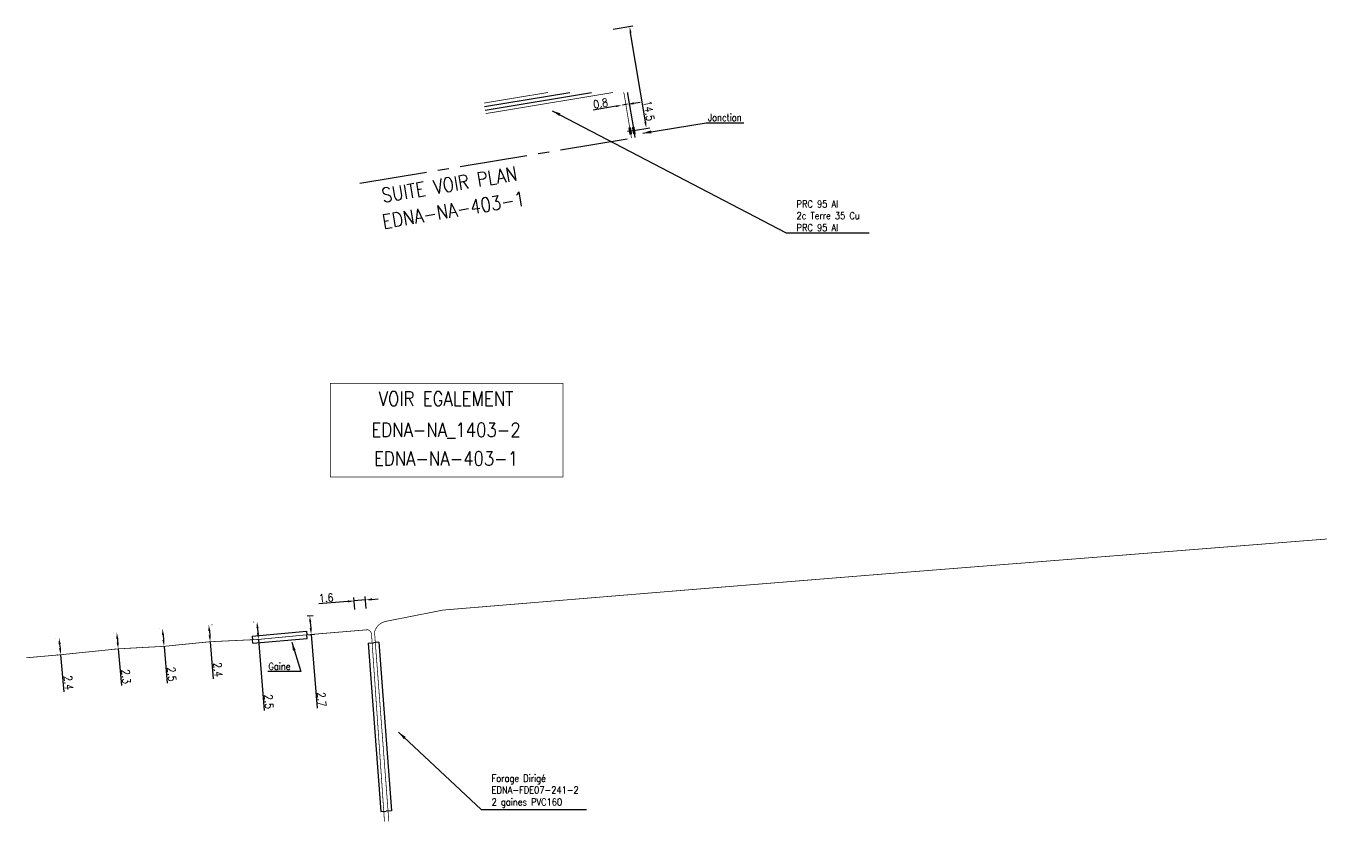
# Model space of a CAD drawing. Header units: millimetres. Extents: x 185000 to 186000, y 128000 to 129009.
# Drawn here: x 185000.5 to 185182.5, y 128897.4 to 129009.4 of the extents above; entities that cross this region are included whole.
import ezdxf
from ezdxf.enums import TextEntityAlignment as Align

# ---------------------------------------------------------------- set-up
doc = ezdxf.new("R2010")
doc.units = ezdxf.units.MM
doc.header["$PDMODE"] = 34
doc.linetypes.add('CENTER2', pattern=[28.575, 19.05, -3.175, 3.175, -3.175])
doc.layers.get('0').update_dxf_attribs({"linetype": 'CONTINUOUS'})
doc.layers.get('DEFPOINTS').update_dxf_attribs({"linetype": 'CONTINUOUS'})
for name, color, linetype in [('M_120', 5, 'M_ST_13'), ('M_300', 7, 'CONTINUOUS'), ('M_310', 7, 'M_TERRE'), ('M_400', 7, 'CONTINUOUS'), ('M_930', 7, 'CONTINUOUS')]:
    doc.layers.add(name, color=color, linetype=linetype)
doc.styles.get("Standard").update_dxf_attribs({"font": 'romans.shx', "width": 0.85})
doc.linetypes.add('M_ST_13', pattern='A,5,-0.3,["oo",Standard,S=1.5,R=0,X=0,Y=-0.5],-3', length=8.3)
doc.linetypes.add('M_TERRE', pattern='A,3,-0.6,[1,EnerGIS.shx,S=0.15,R=0,X=0,Y=-0.65],-1.2', length=4.8)
doc.dimstyles.get("Standard").update_dxf_attribs({"dimtxt": 1.5, "dimasz": 1.2, "dimexe": 0.625, "dimexo": 0.625, "dimgap": 0.25, "dimtad": 1, "dimdec": 1, "dimzin": 0, "dimdsep": 46, "dimtxsty": 'Standard', "dimcen": -0.5, "dimadec": 0, "dimazin": 0, "dimtfac": 1, "dimtdec": 1, "dimtmove": 0, "dimatfit": 3, "dimfxl": 0, "dimtolj": 1, "dimtzin": 0, "dimarcsym": 0})

# ---------------------------------------------------------------- blocks, each defined once
blk = doc.blocks.new('*D5')
at = {"layer": 'DEFPOINTS', "color": 0, "linetype": 'Continuous', "transparency": 16777216}
for p in [(185046.63, 128928.53), (185046.77, 128926.88), (185048.37, 128927.02)]:
    blk.add_point(p, dxfattribs=at)
at = {"layer": 'M_120', "color": 0, "linetype": 'Continuous', "lineweight": -2, "transparency": 16777216}
for p, q in [((185045.74, 128928.46), (185041.64, 128928.11)), ((185046.74, 128927.35), (185046.59, 128929)), ((185048.23, 128928.67), (185046.63, 128928.53)), ((185048.33, 128927.49), (185048.19, 128929.14)), ((185049.13, 128928.75), (185050.02, 128928.82))]:
    blk.add_line(p, q, dxfattribs=at)
at = {"layer": 'M_120', "color": 0, "linetype": 'Continuous', "transparency": 16777216}
for points in [[(185045.73, 128928.61), (185045.75, 128928.31), (185046.63, 128928.53)], [(185049.11, 128928.9), (185049.14, 128928.6), (185048.23, 128928.67)]]:
    blk.add_solid(points, dxfattribs=at)
at = {"layer": 'M_120', "color": 0, "linetype": 'Continuous', "transparency": 16777216, "insert": (185042.69, 128928.95), "char_height": 1.125, "attachment_point": 5, "rotation": 4.8546}
blk.add_mtext('\\A1;1.6', dxfattribs=at)
blk = doc.blocks.new('*D6')
at = {"layer": 'DEFPOINTS', "color": 0, "linetype": 'Continuous', "transparency": 16777216}
for p in [(185039.54, 128926.39), (185040.39, 128926.46), (185039.75, 128923.75)]:
    blk.add_point(p, dxfattribs=at)
at = {"layer": 'M_120', "color": 0, "linetype": 'Continuous', "lineweight": -2, "transparency": 16777216}
for p, q in [((185040.01, 128926.43), (185040.85, 128926.5)), ((185040.46, 128925.56), (185040.52, 128924.72)), ((185040.22, 128923.79), (185041.06, 128923.86)), ((185040.59, 128923.82), (185041.41, 128913.45))]:
    blk.add_line(p, q, dxfattribs=at)
at = {"layer": 'M_120', "color": 0, "linetype": 'Continuous', "transparency": 16777216}
for points in [[(185040.61, 128925.57), (185040.31, 128925.55), (185040.39, 128926.46)], [(185040.67, 128924.73), (185040.37, 128924.7), (185040.59, 128923.82)]]:
    blk.add_solid(points, dxfattribs=at)
at = {"layer": 'M_120', "color": 0, "linetype": 'Continuous', "transparency": 16777216, "insert": (185042.06, 128914.69), "char_height": 1.125, "attachment_point": 5, "rotation": 274.4802}
blk.add_mtext('\\A1;2.7', dxfattribs=at)
blk = doc.blocks.new('*D7')
at = {"layer": 'DEFPOINTS', "color": 0, "linetype": 'Continuous', "transparency": 16777216}
for p in [(185032.97, 128925.61), (185032.99, 128925.61), (185033.19, 128923.12)]:
    blk.add_point(p, dxfattribs=at)
at = {"layer": 'M_120', "color": 0, "linetype": 'Continuous', "lineweight": -2, "transparency": 16777216}
for p, q in [((185032.52, 128925.58), (185032.5, 128925.57)), ((185033.04, 128924.72), (185033.1, 128924.02)), ((185032.72, 128923.08), (185032.7, 128923.08)), ((185033.17, 128923.12), (185033.98, 128913.14))]:
    blk.add_line(p, q, dxfattribs=at)
at = {"layer": 'M_120', "color": 0, "linetype": 'Continuous', "transparency": 16777216}
for points in [[(185033.19, 128924.73), (185032.89, 128924.7), (185032.97, 128925.61)], [(185033.25, 128924.03), (185032.95, 128924.01), (185033.17, 128923.12)]]:
    blk.add_solid(points, dxfattribs=at)
at = {"layer": 'M_120', "color": 0, "linetype": 'Continuous', "transparency": 16777216, "insert": (185034.63, 128914.39), "char_height": 1.125, "attachment_point": 5, "rotation": 274.6374}
blk.add_mtext('\\A1;2.5', dxfattribs=at)
blk = doc.blocks.new('*D8')
at = {"layer": 'DEFPOINTS', "color": 0, "linetype": 'Continuous', "transparency": 16777216}
for p in [(185026.17, 128925.19), (185026.19, 128925.19), (185026.37, 128922.8)]:
    blk.add_point(p, dxfattribs=at)
at = {"layer": 'M_120', "color": 0, "linetype": 'Continuous', "lineweight": -2, "transparency": 16777216}
for p, q in [((185026.27, 128924.29), (185026.32, 128923.7)), ((185026.64, 128925.23), (185026.66, 128925.23)), ((185026.39, 128922.8), (185026.83, 128917.59)), ((185026.84, 128922.84), (185026.86, 128922.84))]:
    blk.add_line(p, q, dxfattribs=at)
at = {"layer": 'M_120', "color": 0, "linetype": 'Continuous', "transparency": 16777216}
for points in [[(185026.42, 128924.31), (185026.12, 128924.28), (185026.19, 128925.19)], [(185026.47, 128923.71), (185026.17, 128923.68), (185026.39, 128922.8)]]:
    blk.add_solid(points, dxfattribs=at)
at = {"layer": 'M_120', "color": 0, "linetype": 'Continuous', "transparency": 16777216, "insert": (185027.48, 128918.86), "char_height": 1.125, "attachment_point": 5, "rotation": 274.828}
blk.add_mtext('\\A1;2.4', dxfattribs=at)
blk = doc.blocks.new('*D9')
at = {"layer": 'DEFPOINTS', "color": 0, "linetype": 'Continuous', "transparency": 16777216}
for p in [(185019.69, 128924.64), (185019.69, 128924.64), (185019.91, 128922.15)]:
    blk.add_point(p, dxfattribs=at)
at = {"layer": 'M_120', "color": 0, "linetype": 'Continuous', "lineweight": -2, "transparency": 16777216}
for p, q in [((185019.23, 128924.6), (185019.22, 128924.6)), ((185019.76, 128923.74), (185019.82, 128923.05)), ((185019.44, 128922.11), (185019.43, 128922.11)), ((185019.9, 128922.15), (185020.34, 128916.99))]:
    blk.add_line(p, q, dxfattribs=at)
at = {"layer": 'M_120', "color": 0, "linetype": 'Continuous', "transparency": 16777216}
for points in [[(185019.91, 128923.76), (185019.61, 128923.73), (185019.69, 128924.64)], [(185019.97, 128923.06), (185019.67, 128923.03), (185019.9, 128922.15)]]:
    blk.add_solid(points, dxfattribs=at)
at = {"layer": 'M_120', "color": 0, "linetype": 'Continuous', "transparency": 16777216, "insert": (185020.98, 128918.24), "char_height": 1.125, "attachment_point": 5, "rotation": 274.8827}
blk.add_mtext('\\A1;2.5', dxfattribs=at)
blk = doc.blocks.new('*D10')
at = {"layer": 'DEFPOINTS', "color": 0, "linetype": 'Continuous', "transparency": 16777216}
for p in [(185013.26, 128924.09), (185013.28, 128924.09), (185013.49, 128921.8)]:
    blk.add_point(p, dxfattribs=at)
at = {"layer": 'M_120', "color": 0, "linetype": 'Continuous', "lineweight": -2, "transparency": 16777216}
for p, q in [((185012.81, 128924.05), (185012.79, 128924.05)), ((185013.34, 128923.2), (185013.38, 128922.7)), ((185013.02, 128921.76), (185013, 128921.76)), ((185013.46, 128921.8), (185013.93, 128916.65))]:
    blk.add_line(p, q, dxfattribs=at)
at = {"layer": 'M_120', "color": 0, "linetype": 'Continuous', "transparency": 16777216}
for points in [[(185013.49, 128923.21), (185013.19, 128923.18), (185013.26, 128924.09)], [(185013.53, 128922.71), (185013.23, 128922.68), (185013.46, 128921.8)]]:
    blk.add_solid(points, dxfattribs=at)
at = {"layer": 'M_120', "color": 0, "linetype": 'Continuous', "transparency": 16777216, "insert": (185014.57, 128917.9), "char_height": 1.125, "attachment_point": 5, "rotation": 275.1934}
blk.add_mtext('\\A1;2.3', dxfattribs=at)
blk = doc.blocks.new('*D11')
at = {"layer": 'DEFPOINTS', "color": 0, "linetype": 'Continuous', "transparency": 16777216}
for p in [(185005.15, 128923.36), (185005.17, 128923.36), (185005.38, 128920.97)]:
    blk.add_point(p, dxfattribs=at)
at = {"layer": 'M_120', "color": 0, "linetype": 'Continuous', "lineweight": -2, "transparency": 16777216}
for p, q in [((185004.7, 128923.32), (185004.68, 128923.32)), ((185005.23, 128922.46), (185005.29, 128921.87)), ((185004.92, 128920.93), (185004.9, 128920.93)), ((185005.37, 128920.97), (185005.84, 128915.76))]:
    blk.add_line(p, q, dxfattribs=at)
at = {"layer": 'M_120', "color": 0, "linetype": 'Continuous', "transparency": 16777216}
for points in [[(185005.38, 128922.48), (185005.08, 128922.45), (185005.15, 128923.36)], [(185005.44, 128921.88), (185005.14, 128921.85), (185005.37, 128920.97)]]:
    blk.add_solid(points, dxfattribs=at)
at = {"layer": 'M_120', "color": 0, "linetype": 'Continuous', "transparency": 16777216, "insert": (185006.48, 128917.04), "char_height": 1.125, "attachment_point": 5, "rotation": 275.1934}
blk.add_mtext('\\A1;2.4', dxfattribs=at)
blk = doc.blocks.new('*D287')
at = {"layer": 'DEFPOINTS', "color": 0, "linetype": 'Continuous', "transparency": 16777216}
for p in [(185084.33, 128998.21), (185084.33, 128998.21), (185085.07, 128998.34)]:
    blk.add_point(p, dxfattribs=at)
at = {"layer": 'M_120', "color": 0, "linetype": 'Continuous', "lineweight": -2, "transparency": 16777216}
for p, q in [((185083.44, 128998.07), (185080.21, 128997.53)), ((185085.07, 128998.34), (185084.33, 128998.21)), ((185085.96, 128998.48), (185086.84, 128998.63))]:
    blk.add_line(p, q, dxfattribs=at)
at = {"layer": 'M_120', "color": 0, "linetype": 'Continuous', "transparency": 16777216}
for points in [[(185083.41, 128998.21), (185083.46, 128997.92), (185084.33, 128998.21)], [(185085.93, 128998.63), (185085.98, 128998.33), (185085.07, 128998.34)]]:
    blk.add_solid(points, dxfattribs=at)
at = {"layer": 'M_120', "color": 0, "linetype": 'Continuous', "transparency": 16777216, "insert": (185081.26, 128998.46), "char_height": 1.125, "attachment_point": 5, "rotation": 9.4227}
blk.add_mtext('\\A1;0.8', dxfattribs=at)
blk = doc.blocks.new('*D288')
at = {"layer": 'DEFPOINTS', "color": 0, "linetype": 'Continuous', "transparency": 16777216}
for p in [(185082.57, 129008.82), (185085.33, 129009.28), (185085.43, 128994.6)]:
    blk.add_point(p, dxfattribs=at)
at = {"layer": 'M_120', "color": 0, "linetype": 'Continuous', "lineweight": -2, "transparency": 16777216}
for p, q in [((185083.03, 129008.9), (185085.79, 129009.36)), ((185087.56, 128995.86), (185085.48, 129008.39)), ((185085.9, 128994.67), (185088.17, 128995.05))]:
    blk.add_line(p, q, dxfattribs=at)
at = {"layer": 'M_120', "color": 0, "linetype": 'Continuous', "transparency": 16777216}
for points in [[(185085.63, 129008.42), (185085.33, 129008.37), (185085.33, 129009.28)], [(185087.71, 128995.89), (185087.41, 128995.84), (185087.71, 128994.97)]]:
    blk.add_solid(points, dxfattribs=at)
at = {"layer": 'M_120', "color": 0, "linetype": 'Continuous', "transparency": 16777216, "insert": (185088.06, 128997.42), "char_height": 1.125, "attachment_point": 5, "rotation": 279.4227}
blk.add_mtext('\\A1;14.5', dxfattribs=at)
blk = doc.blocks.new('M_300_04')
at = {"color": 0, "linetype": 'Continuous'}
blk.add_line((0, 0.38), (0, -0.38), dxfattribs=at)
blk.add_solid([(-0.5, 0.19), (-0.5, -0.19), (0.5, 0.19), (0.5, -0.19)], dxfattribs=at)
at = {"color": 0, "linetype": 'Continuous', "width": 0.75, "flags": 3}
for tag, p in [('DEF_LEG', (0, -5)), ('DEF_COUP', (0.02, -7)), ('DEF_TYPE', (0, -9))]:
    blk.add_attdef(tag, text='', height=1.2, dxfattribs=at).set_placement(p, align=Align.MIDDLE)
blk = doc.blocks.new('M_300_03')
at = {"color": 0, "linetype": 'Continuous'}
blk.add_solid([(-0.5, 0.19), (-0.5, -0.19), (0.5, 0.19), (0.5, -0.19)], dxfattribs=at)
at = {"color": 0, "linetype": 'Continuous', "width": 0.75, "flags": 3}
for tag, p in [('DEF_LEG', (0, -5)), ('DEF_COUP', (0.05, -6.97)), ('DEF_TYPE', (0, -9))]:
    blk.add_attdef(tag, text='', height=1.2, dxfattribs=at).set_placement(p, align=Align.MIDDLE)

msp = doc.modelspace()

# ---------------------------------------------------------------- linework, layer by layer
at = {"layer": 'M_120', "const_width": 0.1}
for points in [[(185064.87, 128998.51), (185073.87, 129000)], [(185065.12, 128997.03), (185083.03, 129000)]]:
    msp.add_lwpolyline(points, dxfattribs=at)
msp.add_lwpolyline([(185084.46, 129000, -0.14123), (185084.58, 128999.75), (185085.43, 128994.6), (185085.6, 128993.58)], format="xyb", dxfattribs=at)
at = {"layer": 'M_120'}
for points in [[(185259.01, 128967.85, 0.1, 0.1, 0), (185260.43, 128964.51, 0.1, 0.1, -0.053545), (185260.46, 128964.41, 0.1, 0.1, 0), (185261.23, 128960.34, 0.1, 0.1, 0), (185263.07, 128952.63, 0.1, 0.1, -0.342598), (185262.51, 128951.37, 0.1, 0.1, 0), (185251.89, 128945.54, 0.1, 0.1, 0), (185249.34, 128944.48, 0.1, 0.1, 0), (185183.15, 128937.22, 0.1, 0.1, 0), (185119.83, 128932.22, 0.1, 0.1, 0), (185093.22, 128930.06, 0.1, 0.1, 0), (185059.14, 128927.25, 0.1, 0.1, 0), (185051.07, 128925.66, 0.1, 0.1, 0.29003), (185049.49, 128924.16, 0.1, 0.1, 0), (185049.6, 128922.68, 0.1, 0.1, 0), (185051.39, 128899.01, 0.1, 0.1, 0), (185051.5, 128897.54, 0, 0, 0)], [(185050.89, 128897.5, 0.1, 0.1, 0), (185049.08, 128923.68, 0.1, 0.1, 0.384148), (185048.52, 128924.48, 0.1, 0.1, 0), (185039.97, 128923.77, 0.1, 0.1, 0), (185039.75, 128923.75, 0.1, 0.1, 0), (185033.17, 128923.12, 0.1, 0.1, 0), (185032.34, 128923.08, 0.1, 0.1, 0), (185026.39, 128922.8, 0.1, 0.1, 0), (185019.9, 128922.15, 0.1, 0.1, 0), (185013.46, 128921.8, 0.1, 0.1, 0), (185005.37, 128920.97, 0.1, 0.1, 0), (185000.54, 128920.54, 0, 0, 0)]]:
    msp.add_lwpolyline(points, format="xyseb", dxfattribs=at)
at = {"layer": 'M_310', "flags": 128}
for points in [[(185064.96, 128998.01), (185076.92, 129000)], [(185065.04, 128997.52), (185079.98, 129000)]]:
    msp.add_lwpolyline(points, dxfattribs=at)
msp.add_lwpolyline([(185085.03, 129000, -0.04347), (185085.07, 128999.83), (185085.93, 128994.65), (185086.1, 128993.67)], format="xyb", dxfattribs=at)
at = {"layer": 'M_400', "color": 7, "linetype": 'CONTINUOUS'}
for p, q in [((185032.3, 128923.58), (185039.92, 128924.27)), ((185039.92, 128924.27), (185039.97, 128923.77)), ((185032.3, 128923.58), (185032.34, 128923.08)), ((185032.39, 128922.58), (185032.34, 128923.08)), ((185032.39, 128922.58), (185040.01, 128923.27)), ((185040.01, 128923.27), (185039.97, 128923.77)), ((185048.61, 128922.6), (185049.36, 128922.66)), ((185048.61, 128922.6), (185050.39, 128898.93)), ((185050.1, 128922.72), (185049.36, 128922.66)), ((185050.1, 128922.72), (185051.89, 128899.04)), ((185050.39, 128898.93), (185051.14, 128898.99)), ((185051.89, 128899.04), (185051.14, 128898.99))]:
    msp.add_line(p, q, dxfattribs=at)
at = {"layer": 'M_930', "linetype": 'CENTER2', "ltscale": 0.5, "flags": 128}
msp.add_lwpolyline([(185047.42, 128987.25), (185085.6, 128993.58), (185086.1, 128993.67), (185086.37, 128993.71)], dxfattribs=at)
at = {"layer": 'M_930', "const_width": 0.1}
msp.add_lwpolyline([(185043.28, 128959.12), (185075.97, 128959.12), (185075.97, 128945.95), (185043.28, 128945.95)], close=True, dxfattribs=at)

# ---------------------------------------------------------------- block references
at = {"layer": 'M_300'}
for name, p, rotation in [('M_300_04', (185085.43, 128994.6), 99.42181851514073), ('M_300_03', (185085.93, 128994.65), 279.421818515262)]:
    msp.add_blockref(name, p, dxfattribs=dict(at, rotation=rotation))

# ---------------------------------------------------------------- texts
at = {"layer": 'M_120', "linetype": 'Continuous', "insert": (185108.81, 128982.67), "char_height": 1, "attachment_point": 4}
msp.add_mtext('PRC 95 Al\\P2c Terre 35 Cu\\PPRC 95 Al', dxfattribs=at)
at = {"layer": 'M_300', "linetype": 'Continuous', "insert": (185096.36, 128996.48), "char_height": 1, "attachment_point": 4}
msp.add_mtext('Jonction', dxfattribs=at)
at = {"layer": 'M_400', "insert": (185037.68, 128919.35), "char_height": 1, "attachment_point": 6}
msp.add_mtext('Gaine ', dxfattribs=at)
at = {"layer": 'M_400', "linetype": 'Continuous', "insert": (185065.95, 128899.45), "char_height": 1, "attachment_point": 7}
msp.add_mtext('Forage Dirigé\\PEDNA-FDE07-241-2\\P2 gaines PVC160', dxfattribs=at)
at = {"layer": 'M_930', "width": 0.85}
for s, p in [('SUITE VOIR PLAN', (185060.16, 128986.08)), ('EDNA-NA-403-1', (185060.75, 128982.49))]:
    msp.add_text(s, height=2, rotation=9.4218, dxfattribs=at).set_placement(p, align=Align.CENTER)
for s, p in [('VOIR EGALEMENT', (185059.54, 128955.95)), ('EDNA-NA_1403-2', (185059.54, 128951.58)), ('EDNA-NA-403-1', (185059.54, 128947.55))]:
    msp.add_text(s, height=2, dxfattribs=at).set_placement(p, align=Align.CENTER)

# ---------------------------------------------------------------- dimensions: what is measured, and where the dimension line sits
at = {"layer": 'M_120', "linetype": 'Continuous'}
for base, p1, p2, angle, picture, middle, dimtype in [((185085.33, 129009.28), (185085.43, 128994.6), (185082.57, 129008.82), 279.4227, '*D288', (185087.32, 128997.29), 160), ((185084.33, 128998.21), (185085.07, 128998.34), (185084.33, 128998.21), 9.4227, '*D287', (185081.38, 128997.72), 160), ((185046.63, 128928.53), (185048.37, 128927.02), (185046.77, 128926.88), 184.8546, '*D5', (185042.75, 128928.21), 161), ((185040.39, 128926.46), (185039.75, 128923.75), (185039.54, 128926.39), 94.4802, '*D6', (185041.31, 128914.63), 161), ((185019.69, 128924.64), (185019.91, 128922.15), (185019.69, 128924.64), 94.8827, '*D9', (185020.24, 128918.18), 161), ((185026.19, 128925.19), (185026.37, 128922.8), (185026.17, 128925.19), 94.828, '*D8', (185026.73, 128918.8), 161), ((185032.97, 128925.61), (185033.19, 128923.12), (185032.99, 128925.61), 94.6374, '*D7', (185033.89, 128914.33), 161), ((185005.15, 128923.36), (185005.38, 128920.97), (185005.17, 128923.36), 95.1934, '*D11', (185005.73, 128916.97), 161), ((185013.26, 128924.09), (185013.49, 128921.8), (185013.28, 128924.09), 95.1934, '*D10', (185013.83, 128917.83), 161)]:
    dim = msp.add_linear_dim(base=base, p1=p1, p2=p2, angle=angle, dimstyle='Standard', override={"dimscale": 0.75}, dxfattribs=at)
    dim.commit()
    dim.dimension.update_dxf_attribs({"geometry": picture, "text_midpoint": middle, "dimtype": dimtype})

# ---------------------------------------------------------------- leaders
at = {"layer": 'M_120', "linetype": 'Continuous', "annotation_type": 0, "has_hookline": 1, "hookline_direction": 0, "text_width": 10.2}
msp.add_leader([(185074.47, 128997.43), (185107.36, 128980.25), (185108.56, 128980.25)], dimstyle='Standard', dxfattribs=at)
at = {"layer": 'M_300', "linetype": 'Continuous', "annotation_type": 0, "has_hookline": 1, "hookline_direction": 0, "text_width": 5.02}
msp.add_leader([(185087.21, 128994.28), (185096.11, 128995.73)], dimstyle='Standard', dxfattribs=at)
at = {"layer": 'M_400', "annotation_type": 0, "has_hookline": 1, "hookline_direction": 1, "text_width": 3.2}
msp.add_leader([(185037.86, 128922.73), (185039.13, 128918.6), (185037.93, 128918.6)], dimstyle='Standard', dxfattribs=at)
at = {"layer": 'M_400', "linetype": 'Continuous', "annotation_type": 0, "has_hookline": 1, "hookline_direction": 0, "text_width": 13.32}
msp.add_leader([(185052.86, 128910.09), (185064.5, 128899.2), (185065.7, 128899.2)], dimstyle='Standard', dxfattribs=at)

doc.saveas('drawing.dxf')

##############################

• **What you will do**: Only lines of the material that contain the word "dimtype" belong in the answer; copy each one.

• **Solution below**:
for base, p1, p2, angle, picture, middle, dimtype in [((185085.33, 129009.28), (185085.43, 128994.6), (185082.57, 129008.82), 279.4227, '*D288', (185087.32, 128997.29), 160), ((185084.33, 128998.21), (185085.07, 128998.34), (185084.33, 128998.21), 9.4227, '*D287', (185081.38, 128997.72), 160), ((185046.63, 128928.53), (185048.37, 128927.02), (185046.77, 128926.88), 184.8546, '*D5', (185042.75, 128928.21), 161), ((185040.39, 128926.46), (185039.75, 128923.75), (185039.54, 128926.39), 94.4802, '*D6', (185041.31, 128914.63), 161), ((185019.69, 128924.64), (185019.91, 128922.15), (185019.69, 128924.64), 94.8827, '*D9', (185020.24, 128918.18), 161), ((185026.19, 128925.19), (185026.37, 128922.8), (185026.17, 128925.19), 94.828, '*D8', (185026.73, 128918.8), 161), ((185032.97, 128925.61), (185033.19, 128923.12), (185032.99, 128925.61), 94.6374, '*D7', (185033.89, 128914.33), 161), ((185005.15, 128923.36), (185005.38, 128920.97), (185005.17, 128923.36), 95.1934, '*D11', (185005.73, 128916.97), 161), ((185013.26, 128924.09), (185013.49, 128921.8), (185013.28, 128924.09), 95.1934, '*D10', (185013.83, 128917.83), 161)]:
    dim.dimension.update_dxf_attribs({"geometry": picture, "text_midpoint": middle, "dimtype": dimtype})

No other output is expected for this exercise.